- Other names: GCF.
- Specialty: Dermatology, Dentistry.
- Usual onset: Typically 10-30 years old.
- Diagnostic method: Histopathology.
- Differential diagnosis: Retrocuspid papillae, Oral squamous papilloma, Verruciform xanthoma, and Irritation fibroma.
- Treatment: Surgical excision.
- Frequency: 2 - 5% of all oral benign fibrous growths.

= Giant-cell fibroma =

Type of fibroma

Giant-cell fibroma is a benign localized fibrous mass. It often mimics other fibroepithelial growths and can be distinguished by its histopathology. The exact cause of giant-cell fibromas is unknown, and there is no evidence that they can be caused by irritation. Giant-cell fibromas can be removed by surgical incision, electrosurgery, or laser excision.

== Signs and symptoms ==
Giant-cell fibromas are commonly located on the gingiva. The tongue is the second most common location, followed by the palate or buccal mucosa. Giant-cell fibromas are usually asymptomatic and appear as 0.5-1 cm pedunculated or sessile lesions with a pebbly or bosselated surface.

== Diagnosis ==
Giant-cell fibromas are fibrous hyperplasic lesions and are diagnosed based on histopathological examination. Giant-cell fibromas are histologically distinguished by multinucleated giant cells and numerous large stellate or varying density in the collagenous stroma. The giant cells are typically seen adjacent to the epithelium in connective tissue. Some of these cells have stain characteristics of melanin and contain small brown granules. The overlying epithelium has long thin rate ridges and is hyperplatic. Sometimes an artifactual space dividing the surrounding fibrous stroma from the giant fibroblasts can be seen.

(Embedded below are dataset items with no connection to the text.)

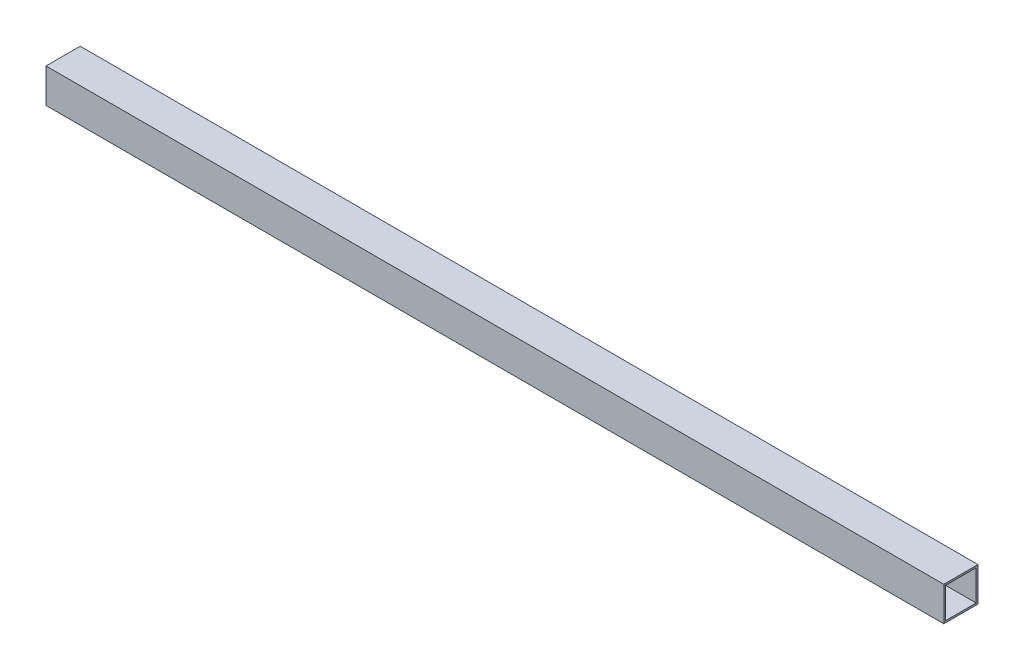
SolidWorks part; units mm, degrees
material "6063-O, Extruded Rod (SS)"
ref_plane "Front Plane" through (0, 0, 0) normal (0, 0, 1) x (1, 0, 0)
ref_plane "Top Plane" through (0, 0, 0) normal (0, 1, 0) x (1, 0, 0)
ref_plane "Right Plane" through (0, 0, 0) normal (1, 0, 0) x (0, 0, -1)
sketch "Sketch1" plane through (0, 0, 0) normal (1, 0, 0) x (0, 0, -1)
  line L0 (-8.525, 8.525) -> (8.525, 8.525)
  line L1 (-9.525, 9.525) -> (9.525, 9.525)
  line L2 (-9.525, 9.525) -> (-9.525, -9.525)
  line L3 (-9.525, -9.525) -> (9.525, -9.525)
  line L4 (9.525, 9.525) -> (9.525, -9.525)
  line L5 (-9.525, 9.525) -> (9.525, -9.525) construction
  line L6 (-9.525, -9.525) -> (9.525, 9.525) construction
  line L7 (8.525, 8.525) -> (8.525, -8.525)
  line L8 (-8.525, -8.525) -> (8.525, -8.525)
  line L9 (-8.525, 8.525) -> (-8.525, -8.525)
  point P0 (0, 0)
  dimension "D1" = 19.05
  dimension "D2" = 19.05
  dimension "D3" = 1
extrude "Boss-Extrude1" add sketch "Sketch1" along normal blind 500

Histopathological giant fibroblasts can distinguish giant-cell fibromas from other lesions. Differential diagnosis includes an irritation fibroma, lipoma, retrocuspid papillae, peripheral ameloblastoma, focal fibrous hyperplasia, papilloma, intraoral neurilemmoma, odontogenic hamartoma, peripheral ossifying fibroma, peripheral adenomatoid odontogenic tumor, peripheral calcifying odontogenic cyst, and peripheral odontogenic fibroma.

== Treatment ==
The main treatment for Giant-cell fibromas is surgical excision however, electrosurgery or laser excision is the preferred treatment for children. The main advantage of electrosurgery is direct tissue hemostasis without needing sutures. Electrosurgery can also access difficult-to-reach areas and takes less time to perform. Laser treatments have been proposed as an alternative treatment option. Reoccurrence is rare and most cases of reoccurrence have been attributed to incomplete excision of the lesion.

== Epidemiology ==
Giant-cell fibroma mostly affects Caucasians and is very rare in other races. Most studies have shown a slight female predominance while however, a few have shown no predominance. Giant-cell fibromas represent about 1-5% of all biopsied fibrous lesions and around 0.4-1% of total biopsies. Giant-cell fibroma is diagnosed within the first three decades of life in approximately 60% of cases.

== History ==
In 1974 Weathers and Callihan first described the giant-cell fibroma. It was named after its unique large multinucleated and mononuclear stellate-shaped giant cells. Weathers and Callihan examined over 2,000 fibrous hyperplasias and 108 of them met their criteria for giant-cell fibroma. In 1982 Housten performed a study of 464 giant-cell fibromas at the Indiana University School of Dentistry and agreed that the giant-cell fibroma was truly a distinctive lesion.